Please reproduce the data exactly and omit the pictures.

• Records contained in a dataset:
******
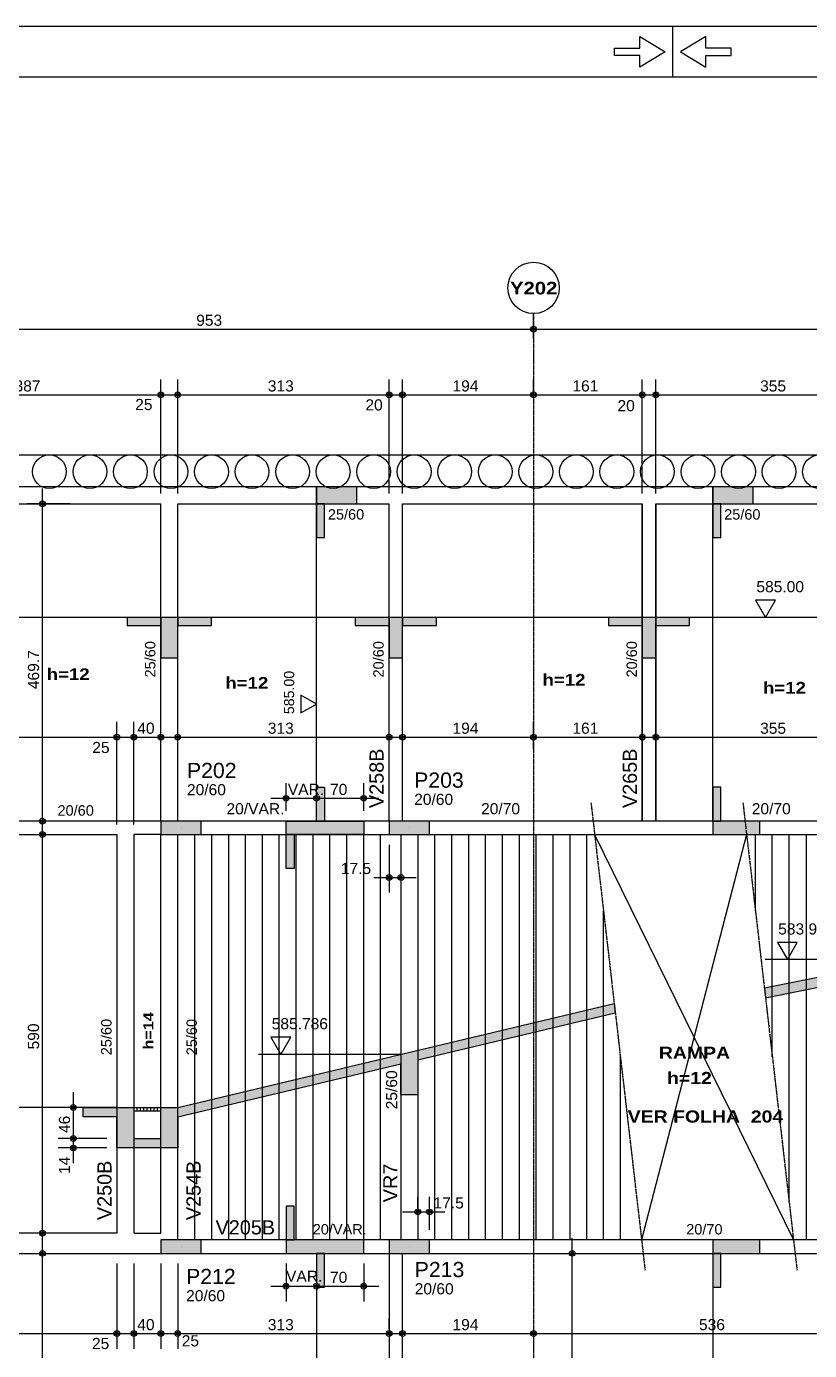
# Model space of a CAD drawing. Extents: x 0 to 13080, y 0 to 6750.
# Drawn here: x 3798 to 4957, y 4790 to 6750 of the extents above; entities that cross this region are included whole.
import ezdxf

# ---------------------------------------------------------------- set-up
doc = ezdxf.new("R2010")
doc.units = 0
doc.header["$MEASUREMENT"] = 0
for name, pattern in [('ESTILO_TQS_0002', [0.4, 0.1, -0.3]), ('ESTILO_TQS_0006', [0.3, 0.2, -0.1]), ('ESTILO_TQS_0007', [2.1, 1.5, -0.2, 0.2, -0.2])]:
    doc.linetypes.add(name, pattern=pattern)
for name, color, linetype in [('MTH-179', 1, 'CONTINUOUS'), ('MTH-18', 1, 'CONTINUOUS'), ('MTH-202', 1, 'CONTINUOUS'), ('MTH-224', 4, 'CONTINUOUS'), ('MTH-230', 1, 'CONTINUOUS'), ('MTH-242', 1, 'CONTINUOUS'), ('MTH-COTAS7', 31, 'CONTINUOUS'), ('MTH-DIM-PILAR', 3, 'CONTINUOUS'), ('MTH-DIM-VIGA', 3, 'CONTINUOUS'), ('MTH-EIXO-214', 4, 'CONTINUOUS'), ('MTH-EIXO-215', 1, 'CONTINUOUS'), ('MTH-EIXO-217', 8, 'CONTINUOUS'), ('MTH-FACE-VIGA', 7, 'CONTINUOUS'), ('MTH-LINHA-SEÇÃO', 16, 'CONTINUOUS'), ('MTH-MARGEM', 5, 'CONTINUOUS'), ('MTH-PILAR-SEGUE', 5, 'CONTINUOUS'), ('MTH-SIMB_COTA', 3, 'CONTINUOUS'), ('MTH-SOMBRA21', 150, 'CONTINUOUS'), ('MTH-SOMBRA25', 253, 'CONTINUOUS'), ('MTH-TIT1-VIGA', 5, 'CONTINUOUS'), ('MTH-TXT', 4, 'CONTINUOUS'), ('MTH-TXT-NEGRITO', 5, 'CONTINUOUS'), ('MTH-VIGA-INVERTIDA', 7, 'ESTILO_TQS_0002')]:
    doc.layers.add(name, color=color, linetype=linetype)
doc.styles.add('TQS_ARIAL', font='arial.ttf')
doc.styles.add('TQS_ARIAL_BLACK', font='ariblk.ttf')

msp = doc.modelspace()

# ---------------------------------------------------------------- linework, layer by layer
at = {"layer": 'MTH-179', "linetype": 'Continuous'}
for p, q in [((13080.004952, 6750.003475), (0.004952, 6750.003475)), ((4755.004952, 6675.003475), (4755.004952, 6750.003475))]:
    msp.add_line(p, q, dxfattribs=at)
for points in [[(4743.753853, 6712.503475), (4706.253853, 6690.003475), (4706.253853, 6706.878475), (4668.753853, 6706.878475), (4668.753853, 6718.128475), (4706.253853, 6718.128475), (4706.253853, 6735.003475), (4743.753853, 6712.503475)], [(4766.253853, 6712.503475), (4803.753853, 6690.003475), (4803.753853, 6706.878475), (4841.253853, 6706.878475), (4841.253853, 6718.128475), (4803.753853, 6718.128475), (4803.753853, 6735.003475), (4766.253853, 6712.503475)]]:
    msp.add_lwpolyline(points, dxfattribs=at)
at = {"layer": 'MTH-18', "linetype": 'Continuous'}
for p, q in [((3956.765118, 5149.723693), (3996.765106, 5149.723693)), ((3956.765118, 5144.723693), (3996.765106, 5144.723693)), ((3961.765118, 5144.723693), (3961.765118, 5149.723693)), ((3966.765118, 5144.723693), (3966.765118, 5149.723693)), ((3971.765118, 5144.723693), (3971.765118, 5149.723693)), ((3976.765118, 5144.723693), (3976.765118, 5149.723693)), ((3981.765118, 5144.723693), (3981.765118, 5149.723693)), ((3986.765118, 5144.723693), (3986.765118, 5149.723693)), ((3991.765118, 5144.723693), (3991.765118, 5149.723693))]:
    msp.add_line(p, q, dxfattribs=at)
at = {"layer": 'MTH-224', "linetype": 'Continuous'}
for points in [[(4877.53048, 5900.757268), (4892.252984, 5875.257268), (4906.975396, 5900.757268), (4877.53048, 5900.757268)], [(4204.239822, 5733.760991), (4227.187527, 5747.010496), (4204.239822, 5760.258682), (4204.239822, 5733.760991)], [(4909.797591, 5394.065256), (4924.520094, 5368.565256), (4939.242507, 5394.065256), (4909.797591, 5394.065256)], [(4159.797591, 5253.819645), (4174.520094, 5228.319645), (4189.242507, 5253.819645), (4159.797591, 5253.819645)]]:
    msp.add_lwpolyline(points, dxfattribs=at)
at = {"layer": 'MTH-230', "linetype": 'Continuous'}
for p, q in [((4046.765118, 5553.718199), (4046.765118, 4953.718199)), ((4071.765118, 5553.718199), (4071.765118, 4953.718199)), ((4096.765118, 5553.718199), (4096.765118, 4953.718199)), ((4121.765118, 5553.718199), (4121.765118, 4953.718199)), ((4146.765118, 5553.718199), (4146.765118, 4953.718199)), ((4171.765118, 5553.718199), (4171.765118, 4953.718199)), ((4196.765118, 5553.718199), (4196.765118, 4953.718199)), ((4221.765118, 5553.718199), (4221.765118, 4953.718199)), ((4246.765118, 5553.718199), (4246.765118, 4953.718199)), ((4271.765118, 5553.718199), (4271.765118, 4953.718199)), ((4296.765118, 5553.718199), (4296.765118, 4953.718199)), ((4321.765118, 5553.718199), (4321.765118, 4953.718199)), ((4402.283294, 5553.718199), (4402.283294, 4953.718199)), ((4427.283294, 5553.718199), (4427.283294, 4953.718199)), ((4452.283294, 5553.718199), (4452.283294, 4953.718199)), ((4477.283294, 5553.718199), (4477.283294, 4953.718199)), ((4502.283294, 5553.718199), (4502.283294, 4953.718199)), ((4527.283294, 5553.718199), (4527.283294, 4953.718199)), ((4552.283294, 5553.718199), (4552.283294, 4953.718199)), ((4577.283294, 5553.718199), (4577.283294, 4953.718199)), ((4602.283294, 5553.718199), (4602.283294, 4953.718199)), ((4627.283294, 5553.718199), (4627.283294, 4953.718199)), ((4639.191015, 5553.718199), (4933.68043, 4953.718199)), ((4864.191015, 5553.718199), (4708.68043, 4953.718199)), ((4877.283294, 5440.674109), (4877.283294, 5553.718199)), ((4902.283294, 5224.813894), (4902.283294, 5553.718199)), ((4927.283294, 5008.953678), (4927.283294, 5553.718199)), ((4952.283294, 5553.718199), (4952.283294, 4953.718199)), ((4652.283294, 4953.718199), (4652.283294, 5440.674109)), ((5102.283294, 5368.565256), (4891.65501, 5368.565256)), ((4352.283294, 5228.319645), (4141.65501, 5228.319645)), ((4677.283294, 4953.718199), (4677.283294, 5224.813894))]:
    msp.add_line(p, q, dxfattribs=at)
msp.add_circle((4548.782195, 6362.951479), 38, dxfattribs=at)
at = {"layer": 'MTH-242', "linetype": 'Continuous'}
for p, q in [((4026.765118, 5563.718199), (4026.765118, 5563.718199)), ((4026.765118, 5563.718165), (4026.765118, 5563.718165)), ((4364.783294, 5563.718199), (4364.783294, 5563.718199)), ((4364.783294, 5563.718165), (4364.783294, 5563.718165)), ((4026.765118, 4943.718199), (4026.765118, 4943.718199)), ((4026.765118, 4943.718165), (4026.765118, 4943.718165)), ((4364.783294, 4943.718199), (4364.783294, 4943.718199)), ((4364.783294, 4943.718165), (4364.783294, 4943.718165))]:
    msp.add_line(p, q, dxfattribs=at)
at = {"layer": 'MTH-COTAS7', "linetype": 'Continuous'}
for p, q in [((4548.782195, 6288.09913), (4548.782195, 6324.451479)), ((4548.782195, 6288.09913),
******
• Result:
# Model space of a CAD drawing. Extents: x 0 to 13080, y 0 to 6750.
# Drawn here: x 3798 to 4957, y 4790 to 6750 of the extents above; entities that cross this region are included whole.
import ezdxf

# ---------------------------------------------------------------- set-up
doc = ezdxf.new("R2010")
doc.units = 0
doc.header["$MEASUREMENT"] = 0
for name, pattern in [('ESTILO_TQS_0002', [0.4, 0.1, -0.3]), ('ESTILO_TQS_0006', [0.3, 0.2, -0.1]), ('ESTILO_TQS_0007', [2.1, 1.5, -0.2, 0.2, -0.2])]:
    doc.linetypes.add(name, pattern=pattern)
for name, color, linetype in [('MTH-179', 1, 'CONTINUOUS'), ('MTH-18', 1, 'CONTINUOUS'), ('MTH-202', 1, 'CONTINUOUS'), ('MTH-224', 4, 'CONTINUOUS'), ('MTH-230', 1, 'CONTINUOUS'), ('MTH-242', 1, 'CONTINUOUS'), ('MTH-COTAS7', 31, 'CONTINUOUS'), ('MTH-DIM-PILAR', 3, 'CONTINUOUS'), ('MTH-DIM-VIGA', 3, 'CONTINUOUS'), ('MTH-EIXO-214', 4, 'CONTINUOUS'), ('MTH-EIXO-215', 1, 'CONTINUOUS'), ('MTH-EIXO-217', 8, 'CONTINUOUS'), ('MTH-FACE-VIGA', 7, 'CONTINUOUS'), ('MTH-LINHA-SEÇÃO', 16, 'CONTINUOUS'), ('MTH-MARGEM', 5, 'CONTINUOUS'), ('MTH-PILAR-SEGUE', 5, 'CONTINUOUS'), ('MTH-SIMB_COTA', 3, 'CONTINUOUS'), ('MTH-SOMBRA21', 150, 'CONTINUOUS'), ('MTH-SOMBRA25', 253, 'CONTINUOUS'), ('MTH-TIT1-VIGA', 5, 'CONTINUOUS'), ('MTH-TXT', 4, 'CONTINUOUS'), ('MTH-TXT-NEGRITO', 5, 'CONTINUOUS'), ('MTH-VIGA-INVERTIDA', 7, 'ESTILO_TQS_0002')]:
    doc.layers.add(name, color=color, linetype=linetype)
doc.styles.add('TQS_ARIAL', font='arial.ttf')
doc.styles.add('TQS_ARIAL_BLACK', font='ariblk.ttf')

msp = doc.modelspace()

# ---------------------------------------------------------------- linework, layer by layer
at = {"layer": 'MTH-179', "linetype": 'Continuous'}
for p, q in [((13080.004952, 6750.003475), (0.004952, 6750.003475)), ((4755.004952, 6675.003475), (4755.004952, 6750.003475))]:
    msp.add_line(p, q, dxfattribs=at)
for points in [[(4743.753853, 6712.503475), (4706.253853, 6690.003475), (4706.253853, 6706.878475), (4668.753853, 6706.878475), (4668.753853, 6718.128475), (4706.253853, 6718.128475), (4706.253853, 6735.003475), (4743.753853, 6712.503475)], [(4766.253853, 6712.503475), (4803.753853, 6690.003475), (4803.753853, 6706.878475), (4841.253853, 6706.878475), (4841.253853, 6718.128475), (4803.753853, 6718.128475), (4803.753853, 6735.003475), (4766.253853, 6712.503475)]]:
    msp.add_lwpolyline(points, dxfattribs=at)
at = {"layer": 'MTH-18', "linetype": 'Continuous'}
for p, q in [((3956.765118, 5149.723693), (3996.765106, 5149.723693)), ((3956.765118, 5144.723693), (3996.765106, 5144.723693)), ((3961.765118, 5144.723693), (3961.765118, 5149.723693)), ((3966.765118, 5144.723693), (3966.765118, 5149.723693)), ((3971.765118, 5144.723693), (3971.765118, 5149.723693)), ((3976.765118, 5144.723693), (3976.765118, 5149.723693)), ((3981.765118, 5144.723693), (3981.765118, 5149.723693)), ((3986.765118, 5144.723693), (3986.765118, 5149.723693)), ((3991.765118, 5144.723693), (3991.765118, 5149.723693))]:
    msp.add_line(p, q, dxfattribs=at)
at = {"layer": 'MTH-224', "linetype": 'Continuous'}
for points in [[(4877.53048, 5900.757268), (4892.252984, 5875.257268), (4906.975396, 5900.757268), (4877.53048, 5900.757268)], [(4204.239822, 5733.760991), (4227.187527, 5747.010496), (4204.239822, 5760.258682), (4204.239822, 5733.760991)], [(4909.797591, 5394.065256), (4924.520094, 5368.565256), (4939.242507, 5394.065256), (4909.797591, 5394.065256)], [(4159.797591, 5253.819645), (4174.520094, 5228.319645), (4189.242507, 5253.819645), (4159.797591, 5253.819645)]]:
    msp.add_lwpolyline(points, dxfattribs=at)
at = {"layer": 'MTH-230', "linetype": 'Continuous'}
for p, q in [((4046.765118, 5553.718199), (4046.765118, 4953.718199)), ((4071.765118, 5553.718199), (4071.765118, 4953.718199)), ((4096.765118, 5553.718199), (4096.765118, 4953.718199)), ((4121.765118, 5553.718199), (4121.765118, 4953.718199)), ((4146.765118, 5553.718199), (4146.765118, 4953.718199)), ((4171.765118, 5553.718199), (4171.765118, 4953.718199)), ((4196.765118, 5553.718199), (4196.765118, 4953.718199)), ((4221.765118, 5553.718199), (4221.765118, 4953.718199)), ((4246.765118, 5553.718199), (4246.765118, 4953.718199)), ((4271.765118, 5553.718199), (4271.765118, 4953.718199)), ((4296.765118, 5553.718199), (4296.765118, 4953.718199)), ((4321.765118, 5553.718199), (4321.765118, 4953.718199)), ((4402.283294, 5553.718199), (4402.283294, 4953.718199)), ((4427.283294, 5553.718199), (4427.283294, 4953.718199)), ((4452.283294, 5553.718199), (4452.283294, 4953.718199)), ((4477.283294, 5553.718199), (4477.283294, 4953.718199)), ((4502.283294, 5553.718199), (4502.283294, 4953.718199)), ((4527.283294, 5553.718199), (4527.283294, 4953.718199)), ((4552.283294, 5553.718199), (4552.283294, 4953.718199)), ((4577.283294, 5553.718199), (4577.283294, 4953.718199)), ((4602.283294, 5553.718199), (4602.283294, 4953.718199)), ((4627.283294, 5553.718199), (4627.283294, 4953.718199)), ((4639.191015, 5553.718199), (4933.68043, 4953.718199)), ((4864.191015, 5553.718199), (4708.68043, 4953.718199)), ((4877.283294, 5440.674109), (4877.283294, 5553.718199)), ((4902.283294, 5224.813894), (4902.283294, 5553.718199)), ((4927.283294, 5008.953678), (4927.283294, 5553.718199)), ((4952.283294, 5553.718199), (4952.283294, 4953.718199)), ((4652.283294, 4953.718199), (4652.283294, 5440.674109)), ((5102.283294, 5368.565256), (4891.65501, 5368.565256)), ((4352.283294, 5228.319645), (4141.65501, 5228.319645)), ((4677.283294, 4953.718199), (4677.283294, 5224.813894))]:
    msp.add_line(p, q, dxfattribs=at)
msp.add_circle((4548.782195, 6362.951479), 38, dxfattribs=at)
at = {"layer": 'MTH-242', "linetype": 'Continuous'}
for p, q in [((4026.765118, 5563.718199), (4026.765118, 5563.718199)), ((4026.765118, 5563.718165), (4026.765118, 5563.718165)), ((4364.783294, 5563.718199), (4364.783294, 5563.718199)), ((4364.783294, 5563.718165), (4364.783294, 5563.718165)), ((4026.765118, 4943.718199), (4026.765118, 4943.718199)), ((4026.765118, 4943.718165), (4026.765118, 4943.718165)), ((4364.783294, 4943.718199), (4364.783294, 4943.718199)), ((4364.783294, 4943.718165), (4364.783294, 4943.718165))]:
    msp.add_line(p, q, dxfattribs=at)
at = {"layer": 'MTH-COTAS7', "linetype": 'Continuous'}
for p, q in [((4548.782195, 6288.09913), (4548.782195, 6324.451479)), ((4548.782195, 6288.09913),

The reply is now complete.